Task to complete → Exact copy, no pictures: take the lines of the listing below from the first through the one containing "Sheet Metal Rule: 3mm Aluminum".

● ● ● ● ●

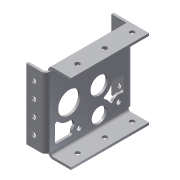
# Autodesk Inventor part: GearboxPlate
Saved by Autodesk Inventor 2013 SP1 (Build 170176100, 176)
## iProperties
Created: 2013-12-02
Part Number: GearboxPlate
Material: Aluminum 6061
Document SubType Name: Sheet Metal
Designer: robotics
Density: 2.71 g/cm^3
Sheet Metal Rule: 3mm Aluminum
Author: robotics
Autodesk Inventor part; units mm, degrees
ref_plane "YZ Plane" through (0, 0, 0) normal (1, 0, 0) x (0, 1, 0)
ref_plane "XZ Plane" through (0, 0, 0) normal (0, 1, 0) x (-1, 0, 0)
ref_plane "XY Plane" through (0, 0, 0) normal (0, 0, 1) x (1, 0, 0)
sketch "Sketch1" plane through (0, 0, 0) normal (1, 0, 0) x (0, 1, 0)
  line L0 (-50, 45) -> (50, 45)
  line L1 (50, 45) -> (50, -45)
  line L2 (50, -45) -> (-50, -45)
  line L3 (-50, -45) -> (-50, 45)
  point P0 (0, 0)
  dimension "d0" = 100
  dimension "d35" = 90
  dimension "d36" = 50
  dimension "d37" = 45
  measures "d0" distance of L0.start L0.end
  measures "d35" distance of L0.end L1.end
  measures "d36" distance from line of L1 point (0, 0)
  measures "d37" distance from line of L0 point (0, 0)
extrude "Plate1" add sketch "Sketch1" along normal blind 3
sketch "Sketch2" plane through (-3, 53, -45) normal (0, 1, 0) x (-1, 0, 0)
  line L0 (0, 90) -> (0, 0)
  line L1 (0, 0) -> (19, 0)
  line L2 (19, 0) -> (19, 90)
  line L3 (19, 90) -> (0, 90)
  constraints: 6 end point, 1 horizontal, 1 perpendicular, 1 vertical
edge flange "Flange1" height 25 angle 90 thickness 3 bend radius 3 thickness toward (0, 1, 0) relief straight relief width 3 relief depth 1.5 corner gap 3 corner form 0 edges at (0, 50, 0) (0, -50, 0) wall of the first edge with corners at (-3, 53, 45) (-3, 53, -45) (-22, 53, -45) (-22, 53, 45)
bend "Bend1"
corner "Corner1"
sketch "Sketch3" plane through (6, -50, 48) normal (0, 0, 1) x (1, 0, 0)
  line L0 (0, 100) -> (0, 0)
  line L1 (0, 0) -> (23.4696, 0)
  line L2 (23.4696, 0) -> (23.4696, 100)
  line L3 (23.4696, 100) -> (0, 100)
  constraints: 6 end point, 1 horizontal, 1 perpendicular, 1 vertical
edge flange "Flange2" height 29.4696 angle 90 thickness 3 bend radius 3 thickness toward (0, 0, 1) relief straight relief width 3 relief depth 1.5 corner gap 3 corner form 0 edges at (3, 0, 45) (3, 0, -45) wall of the first edge with corners at (6, 50, 48) (6, -50, 48) (29.4696, -50, 48) (29.4696, 50, 48)
bend "Bend2"
corner "Corner2"
sketch "Sketch4" plane through (3, 0, 0) normal (1, 0, 0) x (0, 0, -1)
  line L0 (-45, 50) -> (45, 50) projected
  line L1 (-45, -50) -> (-45, 50) projected
  line L2 (45, -50) -> (-45, -50) projected
  line L3 (45, 50) -> (45, -50) projected
  circle A0 centre (-31.5962, 12.4637) radius 7.62 construction
  circle A1 centre (1.5, 12.4637) radius 12.7 construction
  circle A2 centre (34.5962, 12.4637) radius 7.62 construction
  circle A3 centre (1.5, -25.7125) radius 25.4 construction
  circle A4 centre (1.5, 12.4637) radius 25.4 construction
  line L4 (26.9762, 12.4637) -> (26.9, 12.4637) construction
  line L5 (-23.9762, 12.4637) -> (-23.9, 12.4637) construction
  line L6 (1.5, -0.3125) -> (1.5, -0.2363) construction
  line L7 (-33.5, -12.8649) -> (-29.6924, 37.7923) construction
  line L8 (36.5, -12.8649) -> (32.6924, 37.7923) construction
  point P0 (0, 0)
  dimension "d24" = 25.4
  dimension "d25" = 15.24
  dimension "d27" = 50.8
  dimension "d23" = 0.0762
  dimension "d26" = 50.8
  dimension "d34" = 66.1924
  dimension "d38" = 24.2875
  dimension "d40" = 46.5
  dimension "d41" = 43.5
  dimension "d42" = 50.8
  dimension "d45" = 70
  constraints: 10 end point, 5 horizontal alignment, 3 coincident, 3 equal length, 3 vertical alignment, 2 horizontal, 2 line through centre, 2 midpoint, 2 point on circle, 2 vertical, 1 centre point, 8 other
  measures "d23" distance of L6.start L6.end
  measures "d26" diameter of A4
  measures "d34" distance of point (34.596, 12.464) point (-31.596, 12.464)
  measures "d38" distance from line of L2 point (1.5, -25.712)
  measures "d40" distance from line of L1 point (1.5, 12.464)
  measures "d41" distance from line of L3 point (1.5, 12.464)
  measures "d42" distance of L7.start L7.end
  measures "d45" distance of L8.start L7.start
sketch "Sketch5" plane through (3, 0, 0) normal (1, 0, 0) x (0, 0, -1)
  circle A0 centre (-31.5962, 12.4637) radius 9.525
  circle A1 centre (34.5962, 12.4637) radius 9.525
  circle A2 centre (1.5, 12.4637) radius 11.1125
  circle A3 centre (1.5, -25.7125) radius 14.2875
  line L0 (-33.5, -12.8649) -> (-29.6924, 37.7923) construction
  line L1 (36.5, -12.8649) -> (32.6924, 37.7923) construction
  circle A4 centre (-29.6924, 37.7923) radius 3
  circle A5 centre (32.6924, 37.7923) radius 3
  circle A6 centre (36.5, -12.8649) radius 3
  circle A7 centre (-33.5, -12.8649) radius 3
  point P0 (0, 0)
  dimension "d28" = 19.05
  dimension "d30" = 22.225
  dimension "d31" = 28.575
  dimension "d44" = 6
  constraints: 8 centre point, 8 coincident, 4 equal radius
  measures "d28" diameter of A0
  measures "d30" diameter of A2
  measures "d31" diameter of A3
  measures "d44" diameter of A5
extrude "Cut1" cut sketch "Sketch5" against normal blind 3
sketch "Sketch7" plane through (29.4696, -50, 51) normal (0, 0, 1) x (1, 0, 0)
  line L0 (-23.4696, 100) -> (-23.4696, 0) projected
  line L1 (0, 100) -> (0, 0) projected
  line L2 (-23.4696, 100) -> (0, 100) projected
  circle A0 centre (-11.7348, 90) radius 3
  circle A1 centre (-11.7348, 55) radius 3
  circle A2 centre (-11.7348, 20) radius 3
  point P0 (-29.4696, 50)
  dimension "d72" = 6
  dimension "d74" = 11.7348
  dimension "d75" = 11.7348
  dimension "d76" = 10
  dimension "d79" = 35
  constraints: 3 centre point, 1 vertical, 4 other
  measures "d72" diameter of A0
  measures "d74" distance from line of L1 A0.centre
  measures "d75" distance from line of L0 A0.centre
  measures "d76" distance from line of L2 A0.centre
  measures "d79" distance of A0.centre A1.centre
extrude "Cut3" cut sketch "Sketch7" against normal through all
sketch "Sketch8" plane through (-22, 56, 45) normal (0, 1, 0) x (1, 0, 0)
  line L0 (19, 0) -> (19, 90) projected
  line L1 (0, 0) -> (0, 90) projected
  line L2 (19, 0) -> (0, 0) projected
  circle A0 centre (9.5, 15) radius 3
  circle A1 centre (9.5, 35) radius 3
  circle A2 centre (9.5, 55) radius 3
  circle A3 centre (9.5, 75) radius 3
  point P0 (22, 45)
  dimension "d86" = 6
  dimension "d88" = 9.5
  dimension "d89" = 9.5
  dimension "d90" = 15
  dimension "d93" = 20
  constraints: 4 centre point, 1 vertical, 6 other
  measures "d86" diameter of A0
  measures "d88" distance from line of L0 A0.centre
  measures "d89" distance from line of L1 A0.centre
  measures "d90" distance from line of L2 A0.centre
  measures "d93" distance of A0.centre A1.centre
extrude "Cut4" cut sketch "Sketch8" against normal through all
sketch "Sketch9" plane through (0, 0, 0) normal (-1, 0, 0) x (0, 0, 1)
  circle A0 centre (-1.5, 12.4637) radius 11.1125 projected
  circle A1 centre (-32.6924, 37.7923) radius 3 projected
  circle A2 centre (-34.5962, 12.4637) radius 9.525 projected
  line L0 (45, 50) -> (-45, 50) projected
  arc A3 (-20.715, 19.4163) -> (-27.9683, 26.5028) centre (-34.5962, 12.4637) ccw
  arc A4 (-28.1286, 30.0352) -> (-24.3769, 41.235) centre (-32.6924, 37.7923) ccw
  arc A5 (-5.9768, 28.9802) -> (-17.1032, 19.4907) centre (-1.5, 12.4637) ccw
  line L1 (-6.5, 44) -> (-22.529, 44)
  arc A6 (-28.1286, 30.0352) -> (-27.9683, 26.5028) centre (-27.1145, 28.3114) ccw
  arc A7 (-22.529, 44) -> (-24.3769, 41.235) centre (-22.529, 42) ccw
  arc A8 (-20.715, 19.4163) -> (-17.1032, 19.4907) centre (-18.9268, 20.3119) ccw
  circle A9 centre (-36.5, -12.8649) radius 3 projected
  circle A10 centre (-1.5, -25.7125) radius 14.2875 projected
  line L2 (-45, 50) -> (-45, -50) projected
  line L3 (-45, -50) -> (45, -50) projected
  line L4 (-4.5, 30.9106) -> (-4.5, 42)
  arc A11 (-4.5, 42) -> (-6.5, 44) centre (-6.5, 42) ccw
  arc A12 (-5.9768, 28.9802) -> (-4.5, 30.9106) centre (-6.5, 30.9106) ccw
  line L5 (-1.5, 12.4637) -> (-1.5, -25.7125)
  arc A13 (-21.6278, -23.1723) -> (-15.3483, -40.5384) centre (-1.5, -25.7125) ccw
  arc A14 (-36.9091, -21.8555) -> (-30.3842, -19.4676) centre (-36.5, -12.8649) ccw
  line L6 (-39, -23.8535) -> (-39, -42)
  line L7 (-16.7135, -44) -> (-37, -44)
  arc A15 (-39, -42) -> (-37, -44) centre (-37, -42) ccw
  arc A16 (-16.7135, -44) -> (-15.3483, -40.5384) centre (-16.7135, -42) ccw
  arc A17 (-36.9091, -21.8555) -> (-39, -23.8535) centre (-37, -23.8535) ccw
  line L8 (-28.3359, -19.0574) -> (-22.9229, -21.0444)
  arc A18 (-28.3359, -19.0574) -> (-30.3842, -19.4676) centre (-29.0251, -20.9349) ccw
  arc A19 (-21.6278, -23.1723) -> (-22.9229, -21.0444) centre (-23.6121, -22.9219) ccw
  arc A20 (-27.5648, -11.7869) -> (-30.828, -5.8772) centre (-36.5, -12.8649) ccw
  arc A21 (-8.7645, -6.7702) -> (-18.4911, -14.6272) centre (-1.5, -25.7125) ccw
  arc A22 (-17.1032, 5.4367) -> (-8.6455, -3.0855) centre (-1.5, 12.4637) ccw
  arc A23 (-30.1414, -2.4084) -> (-20.715, 5.5111) centre (-34.5962, 12.4637) ccw
  line L9 (-26.2684, -13.4249) -> (-20.8554, -15.4119)
  arc A24 (-27.5648, -11.7869) -> (-26.2684, -13.4249) centre (-25.5792, -11.5474) ccw
  arc A25 (-30.1414, -2.4084) -> (-30.828, -5.8772) centre (-29.5675, -4.3243) ccw
  arc A26 (-17.1032, 5.4367) -> (-20.715, 5.5111) centre (-18.9268, 4.6155) ccw
  arc A27 (-8.7645, -6.7702) -> (-8.6455, -3.0855) centre (-9.4807, -4.9028) ccw
  arc A28 (-20.8554, -15.4119) -> (-18.4911, -14.6272) centre (-20.1662, -13.5344) ccw
  arc A29 (24.9683, 26.5028) -> (17.715, 19.4163) centre (31.5962, 12.4637) ccw
  arc A30 (21.3769, 41.235) -> (25.1286, 30.0352) centre (29.6924, 37.7923) ccw
  arc A31 (14.1032, 19.4907) -> (2.9768, 28.9802) centre (-1.5, 12.4637) ccw
  line L10 (3.5, 44) -> (19.529, 44)
  arc A32 (24.9683, 26.5028) -> (25.1286, 30.0352) centre (24.1145, 28.3114) ccw
  arc A33 (21.3769, 41.235) -> (19.529, 44) centre (19.529, 42) ccw
  arc A34 (14.1032, 19.4907) -> (17.715, 19.4163) centre (15.9268, 20.3119) ccw
  line L11 (1.5, 30.9106) -> (1.5, 42)
  arc A35 (3.5, 44) -> (1.5, 42) centre (3.5, 42) ccw
  arc A36 (1.5, 30.9106) -> (2.9768, 28.9802) centre (3.5, 30.9106) ccw
  arc A37 (12.3483, -40.5384) -> (18.6278, -23.1723) centre (-1.5, -25.7125) ccw
  arc A38 (27.3842, -19.4676) -> (33.9091, -21.8555) centre (33.5, -12.8649) ccw
  line L12 (36, -23.8535) -> (36, -42)
  line L13 (13.7135, -44) -> (34, -44)
  arc A39 (34, -44) -> (36, -42) centre (34, -42) ccw
  arc A40 (12.3483, -40.5384) -> (13.7135, -44) centre (13.7135, -42) ccw
  arc A41 (36, -23.8535) -> (33.9091, -21.8555) centre (34, -23.8535) ccw
  line L14 (25.3359, -19.0574) -> (19.9229, -21.0444)
  arc A42 (27.3842, -19.4676) -> (25.3359, -19.0574) centre (26.0251, -20.9349) ccw
  arc A43 (19.9229, -21.0444) -> (18.6278, -23.1723) centre (20.6121, -22.9219) ccw
  arc A44 (27.828, -5.8772) -> (24.5648, -11.7869) centre (33.5, -12.8649) ccw
  arc A45 (15.4911, -14.6272) -> (5.7645, -6.7702) centre (-1.5, -25.7125) ccw
  arc A46 (5.6455, -3.0855) -> (14.1032, 5.4367) centre (-1.5, 12.4637) ccw
  arc A47 (17.715, 5.5111) -> (27.1414, -2.4084) centre (31.5962, 12.4637) ccw
  line L15 (23.2684, -13.4249) -> (17.8554, -15.4119)
  arc A48 (23.2684, -13.4249) -> (24.5648, -11.7869) centre (22.5792, -11.5474) ccw
  arc A49 (27.828, -5.8772) -> (27.1414, -2.4084) centre (26.5675, -4.3243) ccw
  arc A50 (17.715, 5.5111) -> (14.1032, 5.4367) centre (15.9268, 4.6155) ccw
  arc A51 (5.6455, -3.0855) -> (5.7645, -6.7702) centre (6.4807, -4.9028) ccw
  arc A52 (15.4911, -14.6272) -> (17.8554, -15.4119) centre (17.1662, -13.5344) ccw
  point P0 (0, 0)
  point P1 (-26.176, 44)
  dimension "d100" = 6
  dimension "d101" = 6
  dimension "d102" = 6
  dimension "d103" = 6
  dimension "d105" = 2
  dimension "d108" = 6
  dimension "d109" = 6
  dimension "d110" = 3
  dimension "d111" = 6
  dimension "d112" = 6
  dimension "d113" = 3
  dimension "d114" = 6
  constraints: 97 point on circle, 50 symmetric about line, 48 centre point, 30 tangent, 26 end point, 19 equal radius, 13 coincident, 3 parallel, 2 perpendicular, 1 horizontal, 1 point on line, 24 other
  measures "d100" radial gap between concentric circles of A2 A3
  measures "d101" radial gap between concentric circles of A0 A5
  measures "d102" radial gap between concentric circles of A1 A4
  measures "d103" distance between parallel lines of L0 L1
  measures "d105" radius of A7
  measures "d108" diameter of L4 L5
  measures "d109" radial gap between concentric circles of A10 A13
  measures "d110" distance from line of L5.end L8
  measures "d111" distance between parallel lines of L3 L7
  measures "d112" distance between parallel lines of L2 L6
  measures "d113" distance from line of A9.centre L8
  measures "d114" distance between parallel lines of L9 L8
extrude "Cut5" cut sketch "Sketch9" against normal blind 3 contours A3 A6 A4 A7 L1 A11 L4 A12 A5 A8 | A13 A16 L7 A15 L6 A17 A14 A18 L8 A19 | A20 A25 A23 A26 A22 A27 A21 A28 L9 A24 | A29 A34 A31 A36 L11 A35 L10 A33 A30 A32 | A37 A43 L14 A42 A38 A41 L12 A39 L13 A40 | A44 A48 L15 A52 A45 A51 A46 A50 A47 A49
equation "\"d32\" = Thickness"
equation "\"d3\" = BendReliefWidth"
equation "\"d4\" = BendReliefDepth"
equation "\"d5\" = MinimumRemnant"
equation "\"d6\" = BendRadius"
equation "\"d9\" = BendRadius"
equation "\"d10\" = CornerReliefSize"
equation "\"d11\" = GapSize"
equation "\"d12\" = JacobiRadiusSize"
equation "\"d13\" = BendReliefWidth"
equation "\"d14\" = BendReliefDepth"
equation "\"d15\" = MinimumRemnant"
equation "\"d16\" = BendRadius"
equation "\"d19\" = BendRadius"
equation "\"d20\" = CornerReliefSize"
equation "\"d21\" = GapSize"
equation "\"d22\" = JacobiRadiusSize"
equation "\"d36\" = 0.5 * d0"
equation "\"d37\" = 0.5 * d35"
equation "\"BendRadius\" = Thickness"
equation "\"BendReliefWidth\" = Thickness"
equation "\"BendReliefDepth\" = 0.5 * Thickness"
equation "\"CornerReliefSize\" = 4 * Thickness"
equation "\"MinimumRemnant\" = 2 * Thickness"
equation "\"TransitionRadius\" = BendRadius"
equation "\"JacobiRadiusSize\" = BendRadius"
equation "\"GapSize\" = Thickness"
equation "\"d2\" = BendRadius"
equation "\"Thickness\" = 3"
body "Solid1"

● ● ● ● ●

Solution to this exercise →
# Autodesk Inventor part: GearboxPlate
Saved by Autodesk Inventor 2013 SP1 (Build 170176100, 176)
## iProperties
Created: 2013-12-02
Part Number: GearboxPlate
Material: Aluminum 6061
Document SubType Name: Sheet Metal
Designer: robotics
Density: 2.71 g/cm^3
Sheet Metal Rule: 3mm Aluminum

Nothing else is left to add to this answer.